Here is an excerpt from a Novell
Document that further explains some of the issues:
The problem occurs because the server switches to real mode
during a long scsi command.
This results in high utilization on the server with the loss of all IO to the
workstations. This is done so that requests made in protected mode are
preserved until the server switches back to protected mode. The call NPA_Squelch_All_IO in the nwpa.nlm
is what does this. Usually this does not constitute a problem except when
devices are used that use long scsi
commands such as a tape library. Users will lose access to the server and
appear to hang.
The fix is to cause the
server to switch to real mode less often. The most effective means is the dosfat.nss contained in this file. This will mount the
server's local drives as netware volumes. Since the
local drives are no longer in the dos enviornment,
the server does not have to switch to real mode to access them.
If
there is software on the server that causes the switch to real mode, then you
will still have problems.
Here is an excerpt that is the
basis for our recommendation:
Dosfat.nss recommends
that Auto Restart After Abend
= 0 to prevent corruption of the DOS Partition.
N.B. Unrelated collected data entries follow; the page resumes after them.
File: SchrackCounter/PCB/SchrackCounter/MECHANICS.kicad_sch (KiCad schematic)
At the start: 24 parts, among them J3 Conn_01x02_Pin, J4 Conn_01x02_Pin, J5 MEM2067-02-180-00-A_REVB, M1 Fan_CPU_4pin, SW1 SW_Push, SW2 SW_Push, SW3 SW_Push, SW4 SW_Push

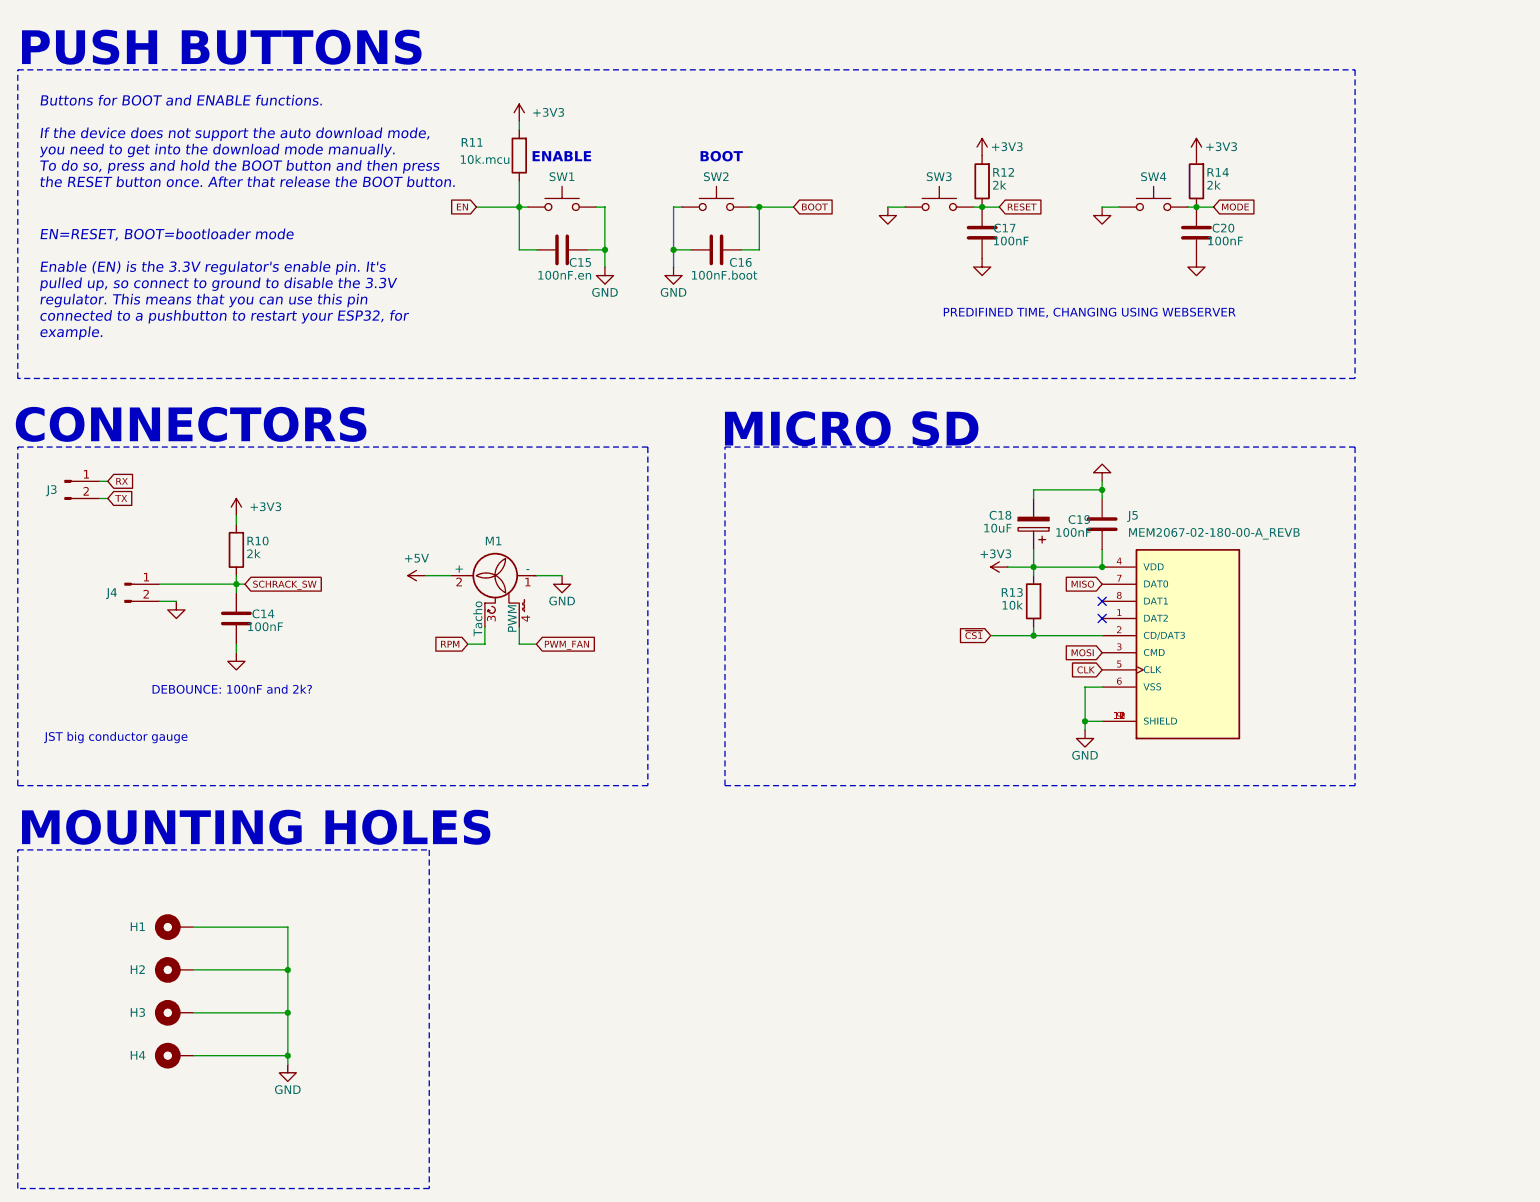
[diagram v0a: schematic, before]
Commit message: Schematic and PCB update
LDO Regulator, and some layout update
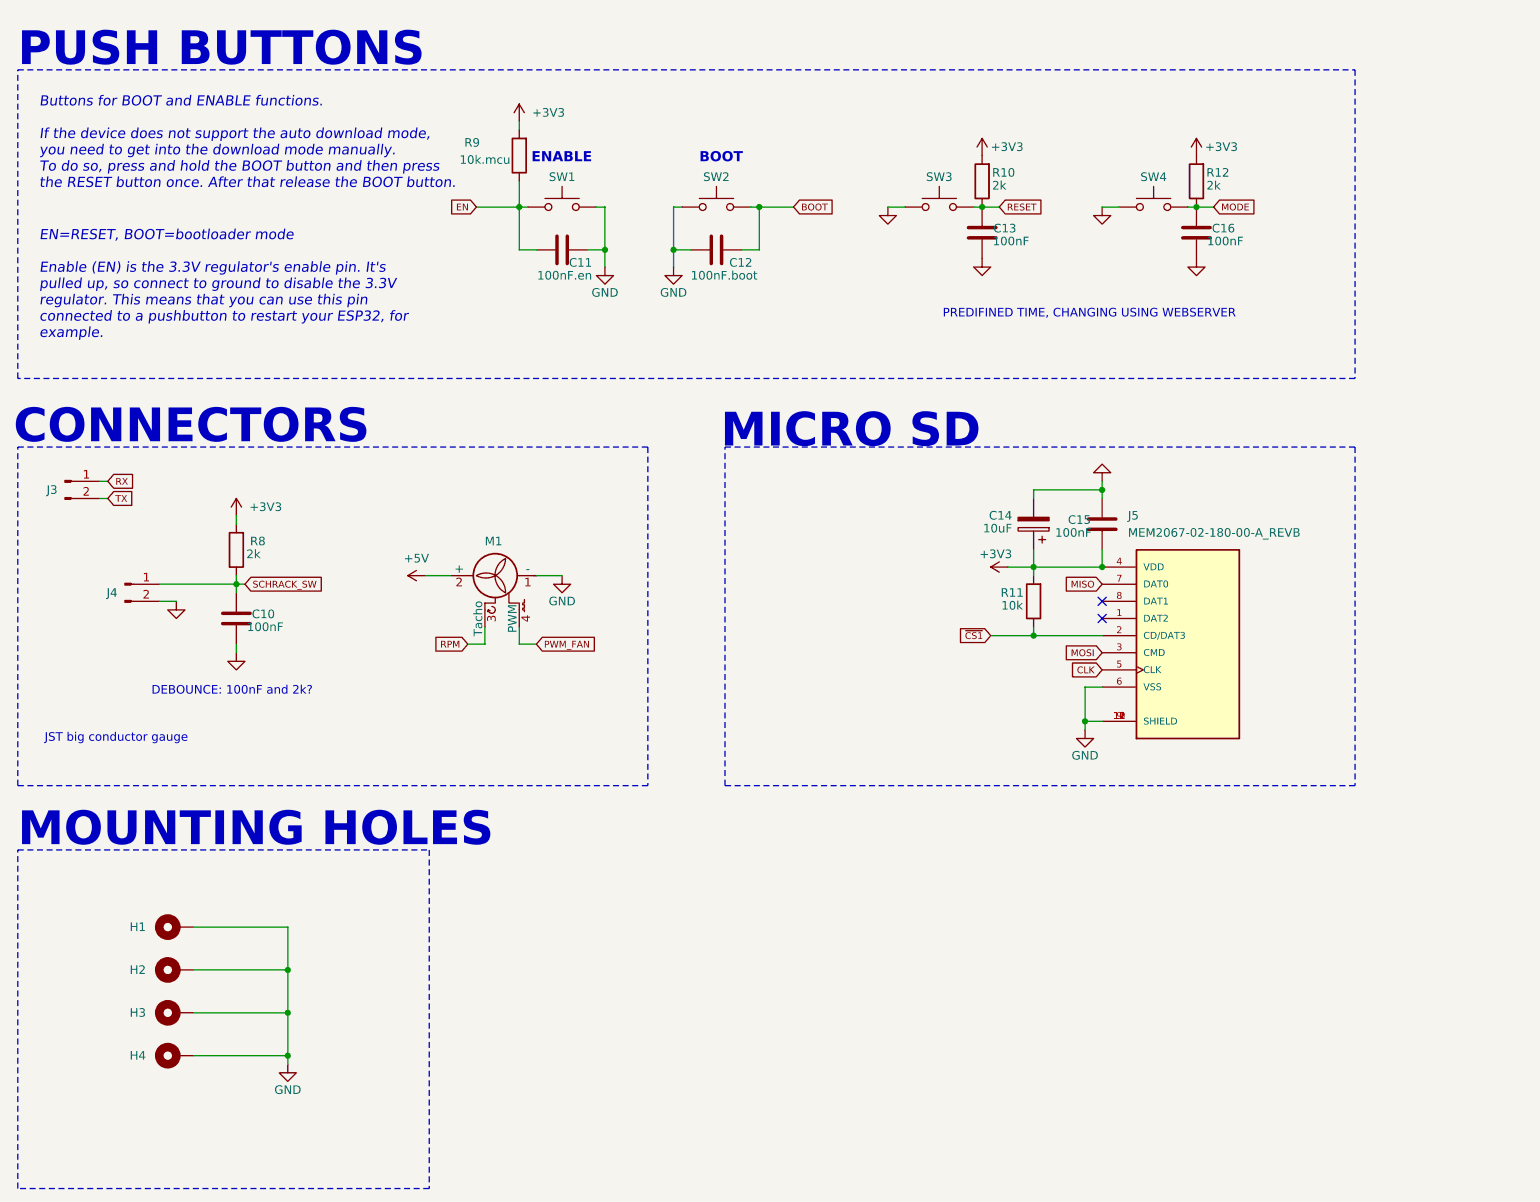
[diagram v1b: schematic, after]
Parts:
- renumbered C14 to C10, C15 to C11, C16 to C12, C17 to C13, C18 to C14, C19 to C15, C20 to C16, R12 to R10, R13 to R11, R14 to R12, R10 to R8, R11 to R9
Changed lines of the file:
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@@
 		(on_board yes)
 		(dnp no)
-		(property "Reference" "#PWR035"
+		(property "Reference" "#PWR029"
 			(at 114.3 36.83 0)
 			(effects
@@
 			(project "SchrackCounter"
 				(path "/d96f2ffc-3f4c-4f71-b693-29f6b8c3245d/0ccd8f36-c6f2-454f-91e2-c1976b699e0e"
-					(reference "#PWR035")
+					(reference "#PWR029")
 					(unit 1)
 				)
@@
 		(on_board yes)
 		(dnp no)
-		(property "Reference" "#PWR047"
+		(property "Reference" "#PWR041"
 			(at 214.63 59.69 0)
 			(effects
@@
 			(project "SchrackCounter"
 				(path "/d96f2ffc-3f4c-4f71-b693-29f6b8c3245d/0ccd8f36-c6f2-454f-91e2-c1976b699e0e"
-					(reference "#PWR047")
+					(reference "#PWR041")
 					(unit 1)
 				)
@@
 		(on_board yes)
 		(dnp no)
-		(property "Reference" "#PWR043"
+		(property "Reference" "#PWR037"
 			(at 198.12 129.54 0)
 			(effects
@@
 			(project "SchrackCounter"
 				(path "/d96f2ffc-3f4c-4f71-b693-29f6b8c3245d/0ccd8f36-c6f2-454f-91e2-c1976b699e0e"
-					(reference "#PWR043")
+					(reference "#PWR037")
 					(unit 1)
 				)
@@
 		(on_board yes)
 		(dnp no)
-		(property "Reference" "#PWR042"
+		(property "Reference" "#PWR036"
 			(at 190.5 99.06 0)
 			(effects
@@
 			(project "SchrackCounter"
 				(path "/d96f2ffc-3f4c-4f71-b693-29f6b8c3245d/0ccd8f36-c6f2-454f-91e2-c1976b699e0e"
-					(reference "#PWR042")
+					(reference "#PWR036")
 					(unit 1)
 				)
@@
 		(on_board yes)
 		(dnp no)
-		(property "Reference" "R10"
+		(property "Reference" "R8"
 			(at 75.565 95.25 0)
 			(effects
@@
 			(project "SchrackCounter"
 				(path "/d96f2ffc-3f4c-4f71-b693-29f6b8c3245d/0ccd8f36-c6f2-454f-91e2-c1976b699e0e"
-					(reference "R10")
+					(reference "R8")
 					(unit 1)
 				)
@@
 		(on_board yes)
 		(dnp no)
-		(property "Reference" "C18"
+		(property "Reference" "C14"
 			(at 187.325 91.44 0)
 			(effects
@@
 			(project "SchrackCounter"
 				(path "/d96f2ffc-3f4c-4f71-b693-29f6b8c3245d/0ccd8f36-c6f2-454f-91e2-c1976b699e0e"
-					(reference "C18")
+					(reference "C14")
 					(unit 1)
 				)
@@
 		(on_board yes)
 		(dnp no)
-		(property "Reference" "R12"
+		(property "Reference" "R10"
 			(at 186.055 40.64 0)
 			(effects
@@
 			(project "SchrackCounter"
 				(path "/d96f2ffc-3f4c-4f71-b693-29f6b8c3245d/0ccd8f36-c6f2-454f-91e2-c1976b699e0e"
-					(reference "R12")
+					(reference "R10")
 					(unit 1)
 				)
@@
 		(on_board yes)
 		(dnp no)
-		(property "Reference" "#PWR038"
+		(property "Reference" "#PWR032"
 			(at 137.16 60.96 0)
 			(effects
@@
 			(project "SchrackCounter"
 				(path "/d96f2ffc-3f4c-4f71-b693-29f6b8c3245d/0ccd8f36-c6f2-454f-91e2-c1976b699e0e"
-					(reference "#PWR038")
+					(reference "#PWR032")
 					(unit 1)
 				)
@@
 		(on_board yes)
 		(dnp no)
-		(property "Reference" "#PWR037"
+		(property "Reference" "#PWR031"
 			(at 127 60.96 0)
 			(effects
@@
 			(project "SchrackCounter"
 				(path "/d96f2ffc-3f4c-4f71-b693-29f6b8c3245d/0ccd8f36-c6f2-454f-91e2-c1976b699e0e"
-					(reference "#PWR037")
+					(reference "#PWR031")
 					(unit 1)
 				)
@@
 		(on_board yes)
 		(dnp no)
-		(property "Reference" "#PWR044"
+		(property "Reference" "#PWR038"
 			(at 200.66 52.07 0)
 			(effects
@@
 			(project "SchrackCounter"
 				(path "/d96f2ffc-3f4c-4f71-b693-29f6b8c3245d/0ccd8f36-c6f2-454f-91e2-c1976b699e0e"
-					(reference "#PWR044")
+					(reference "#PWR038")
 					(unit 1)
 				)
@@
 		(on_board yes)
 		(dnp no)
-		(property "Reference" "#PWR032"
+		(property "Reference" "#PWR025"
 			(at 72.39 95.25 0)
 			(effects
@@
 			(project "SchrackCounter"
 				(path "/d96f2ffc-3f4c-4f71-b693-29f6b8c3245d/0ccd8f36-c6f2-454f-91e2-c1976b699e0e"
-					(reference "#PWR032")
+					(reference "#PWR025")
 					(unit 1)
 				)
@@
 		(on_board yes)
 		(dnp no)
-		(property "Reference" "C17"
+		(property "Reference" "C13"
 			(at 187.96 48.895 0)
 			(effects
@@
 			(project "SchrackCounter"
 				(path "/d96f2ffc-3f4c-4f71-b693-29f6b8c3245d/0ccd8f36-c6f2-454f-91e2-c1976b699e0e"
-					(reference "C17")
+					(reference "C13")
 					(unit 1)
 				)
@@
 		(on_board yes)
 		(dnp no)
-		(property "Reference" "#PWR033"
+		(property "Reference" "#PWR026"
 			(at 72.39 118.11 0)
 			(effects
@@
 			(project "SchrackCounter"
 				(path "/d96f2ffc-3f4c-4f71-b693-29f6b8c3245d/0ccd8f36-c6f2-454f-91e2-c1976b699e0e"
-					(reference "#PWR033")
+					(reference "#PWR026")
 					(unit 1)
 				)
@@
 		(on_board yes)
 		(dnp no)
-		(property "Reference" "#PWR041"
+		(property "Reference" "#PWR035"
 			(at 182.88 59.69 0)
 			(effects
@@
 			(project "SchrackCounter"
 				(path "/d96f2ffc-3f4c-4f71-b693-29f6b8c3245d/0ccd8f36-c6f2-454f-91e2-c1976b699e0e"
-					(reference "#PWR041")
+					(reference "#PWR035")
 					(unit 1)
 				)
@@
 		(on_board yes)
 		(dnp no)
-		(property "Reference" "C19"
+		(property "Reference" "C15"
 			(at 195.58 92.075 0)
 			(effects
@@
 			(project "SchrackCounter"
 				(path "/d96f2ffc-3f4c-4f71-b693-29f6b8c3245d/0ccd8f36-c6f2-454f-91e2-c1976b699e0e"
-					(reference "C19")
+					(reference "C15")
 					(unit 1)
 				)
@@
 		(on_board yes)
 		(dnp no)
-		(property "Reference" "R11"
+		(property "Reference" "R9"
 			(at 107.315 36.195 0)
 			(effects
@@
 			(project "SchrackCounter"
 				(path "/d96f2ffc-3f4c-4f71-b693-29f6b8c3245d/0ccd8f36-c6f2-454f-91e2-c1976b699e0e"
-					(reference "R11")
+					(reference "R9")
 					(unit 1)
 				)
@@
 		(on_board yes)
 		(dnp no)
-		(property "Reference" "#PWR030"
+		(property "Reference" "#PWR024"
 			(at 63.5 110.49 0)
 			(effects
@@
 			(project "SchrackCounter"
 				(path "/d96f2ffc-3f4c-4f71-b693-29f6b8c3245d/0ccd8f36-c6f2-454f-91e2-c1976b699e0e"
-					(reference "#PWR030")
+					(reference "#PWR024")
 					(unit 1)
 				)
@@
 		(on_board yes)
 		(dnp no)
-		(property "Reference" "#PWR045"
+		(property "Reference" "#PWR039"
 			(at 200.66 80.01 0)
 			(effects
@@
 			(project "SchrackCounter"
 				(path "/d96f2ffc-3f4c-4f71-b693-29f6b8c3245d/0ccd8f36-c6f2-454f-91e2-c1976b699e0e"
-					(reference "#PWR045")
+					(reference "#PWR039")
 					(unit 1)
 				)
@@
 		(on_board yes)
 		(dnp no)
-		(property "Reference" "#PWR034"
+		(property "Reference" "#PWR028"
 			(at 104.14 100.33 0)
 			(effects
@@
 			(project ""
 				(path "/d96f2ffc-3f4c-4f71-b693-29f6b8c3245d/0ccd8f36-c6f2-454f-91e2-c1976b699e0e"
-					(reference "#PWR034")
+					(reference "#PWR028")
 					(unit 1)
 				)
@@
 		(on_board yes)
 		(dnp no)
-		(property "Reference" "#PWR031"
+		(property "Reference" "#PWR027"
 			(at 80.01 179.07 0)
 			(effects
@@
 			(project "SchrackCounter"
 				(path "/d96f2ffc-3f4c-4f71-b693-29f6b8c3245d/0ccd8f36-c6f2-454f-91e2-c1976b699e0e"
-					(reference "#PWR031")
+					(reference "#PWR027")
 					(unit 1)
 				)
@@
 		(on_board yes)
 		(dnp no)
-		(property "Reference" "R14"
+		(property "Reference" "R12"
 			(at 217.805 40.64 0)
 			(effects
@@
 			(project "SchrackCounter"
 				(path "/d96f2ffc-3f4c-4f71-b693-29f6b8c3245d/0ccd8f36-c6f2-454f-91e2-c1976b699e0e"
-					(reference "R14")
+					(reference "R12")
 					(unit 1)
 				)
@@
 		(on_board yes)
 		(dnp no)
-		(property "Reference" "#PWR036"
+		(property "Reference" "#PWR030"
 			(at 120.65 106.68 0)
 			(effects
@@
 			(project "SchrackCounter"
 				(path "/d96f2ffc-3f4c-4f71-b693-29f6b8c3245d/0ccd8f36-c6f2-454f-91e2-c1976b699e0e"
-					(reference "#PWR036")
+					(reference "#PWR030")
 					(unit 1)
 				)
@@
 		(on_board yes)
 		(dnp no)
-		(property "Reference" "#PWR040"
+		(property "Reference" "#PWR034"
 			(at 182.88 41.91 0)
 			(effects
@@
 			(project "SchrackCounter"
 				(path "/d96f2ffc-3f4c-4f71-b693-29f6b8c3245d/0ccd8f36-c6f2-454f-91e2-c1976b699e0e"
-					(reference "#PWR040")
+					(reference "#PWR034")
 					(unit 1)
 				)
@@
 		(on_board yes)
 		(dnp no)
-		(property "Reference" "C20"
+		(property "Reference" "C16"
 			(at 220.345 48.895 0)
 			(effects
@@
 			(project "SchrackCounter"
 				(path "/d96f2ffc-3f4c-4f71-b693-29f6b8c3245d/0ccd8f36-c6f2-454f-91e2-c1976b699e0e"
-					(reference "C20")
+					(reference "C16")
 					(unit 1)
 				)
@@
 		(on_board yes)
 		(dnp no)
-		(property "Reference" "#PWR039"
+		(property "Reference" "#PWR033"
 			(at 168.91 52.07 0)
 			(effects
@@
 			(project "SchrackCounter"
 				(path "/d96f2ffc-3f4c-4f71-b693-29f6b8c3245d/0ccd8f36-c6f2-454f-91e2-c1976b699e0e"
-					(reference "#PWR039")
+					(reference "#PWR033")
 					(unit 1)
 				)
@@
 		(on_board yes)
 		(dnp no)
-		(property "Reference" "R13"
+		(property "Reference" "R11"
 			(at 187.325 102.87 0)
 			(effects
@@
 			(project "SchrackCounter"
 				(path "/d96f2ffc-3f4c-4f71-b693-29f6b8c3245d/0ccd8f36-c6f2-454f-91e2-c1976b699e0e"
-					(reference "R13")
+					(reference "R11")
 					(unit 1)
 				)
@@
 		(on_board yes)
 		(dnp no)
-		(property "Reference" "#PWR046"
+		(property "Reference" "#PWR040"
 			(at 214.63 41.91 0)
 			(effects
@@
 			(project "SchrackCounter"
 				(path "/d96f2ffc-3f4c-4f71-b693-29f6b8c3245d/0ccd8f36-c6f2-454f-91e2-c1976b699e0e"
-					(reference "#PWR046")
+					(reference "#PWR040")
 					(unit 1)
 				)
@@
 		(on_board yes)
 		(dnp no)
-		(property "Reference" "C15"
+		(property "Reference" "C11"
 			(at 125.095 53.975 90)
 			(effects
@@
 			(project "SchrackCounter"
 				(path "/d96f2ffc-3f4c-4f71-b693-29f6b8c3245d/0ccd8f36-c6f2-454f-91e2-c1976b699e0e"
-					(reference "C15")
+					(reference "C11")
 					(unit 1)
 				)
@@
 		(on_board yes)
 		(dnp no)
-		(property "Reference" "C14"
+		(property "Reference" "C10"
 			(at 78.105 106.045 0)
 			(effects
@@
 			(project "SchrackCounter"
 				(path "/d96f2ffc-3f4c-4f71-b693-29f6b8c3245d/0ccd8f36-c6f2-454f-91e2-c1976b699e0e"
-					(reference "C14")
+					(reference "C10")
 					(unit 1)
 				)
@@
 		(on_board yes)
 		(dnp no)
-		(property "Reference" "C16"
+		(property "Reference" "C12"
 			(at 145.415 53.975 90)
 			(effects
@@
 			(project "SchrackCounter"
 				(path "/d96f2ffc-3f4c-4f71-b693-29f6b8c3245d/0ccd8f36-c6f2-454f-91e2-c1976b699e0e"
-					(reference "C16")
-					(unit 1)
-				)
+					(reference "C12")
+					(unit 1)
+				)

To clarify just what was meant
by this, when auto restart after abend
is set to just suspend a thread and continue with normal server operations, you
run the risk of introducing corruption on a mounted DOS volume. (We are talking
about corruption of the DOS files here, not NetWare files.). Traditional
NetWare volumes are protected against Abends by TTS,
or corrected using VRepair. NSS volumes are protected
becausethey're journaled.
DOS, however, does not have that same protection. That is why the
recommendation is in place. (Also, nss has its own
cache apart from dos. When the server is in the debugger to get a coredump, the dump uses dos cache and not nss. If nss happend
to be in the middle of writing a file at the time the server abended, the coredump could
overwrite the nss file causing corruption, because
each cache system does not know about the other)
Now that the C partition is mounted as a NetWare
volume by DOSFAT.NSS, this chance of corruption now extends to the DOS
partition. In NetWare 5 and 6, the use of the C partition to store information
has increased. Not only does the server write the Abend.log
file there (as in the past) but that is where the server registry is located.
Additionally, other third party vendors utilize the C partition for their files
as well. These vendors include but are not limited to QLogic
and Compaq. Based on this information it was the engineers recommendation to
set auto restart after abend
= 0.
In the event of file corruption on NetWare / NSS
volumes, utilities exist to help correct problems with files should any be found. However, there aren't utilities / checks in place to
repair or prevent that corruption from affecting the files on the DOS
partition.
Other precautions should be taken if you choose to set Auto Restart After Abend to 2. These
precautions include making a periodic copy of the existing startup directory on
the C partition (nwserver) to an alternate directory
or CD to ensure that a file or the entire directory can be restored quickly in
the event of disk corruption. In addition to this, the scan disk utility can be
added to the DOS partition if it not already there and it can be launched out
of the AUTOEXEC.BAT file for server boot. Since the amount of data on any
server's DOS partition should be quite low, the utility can be used to correct
any issues that may pop up and it would do it quickly.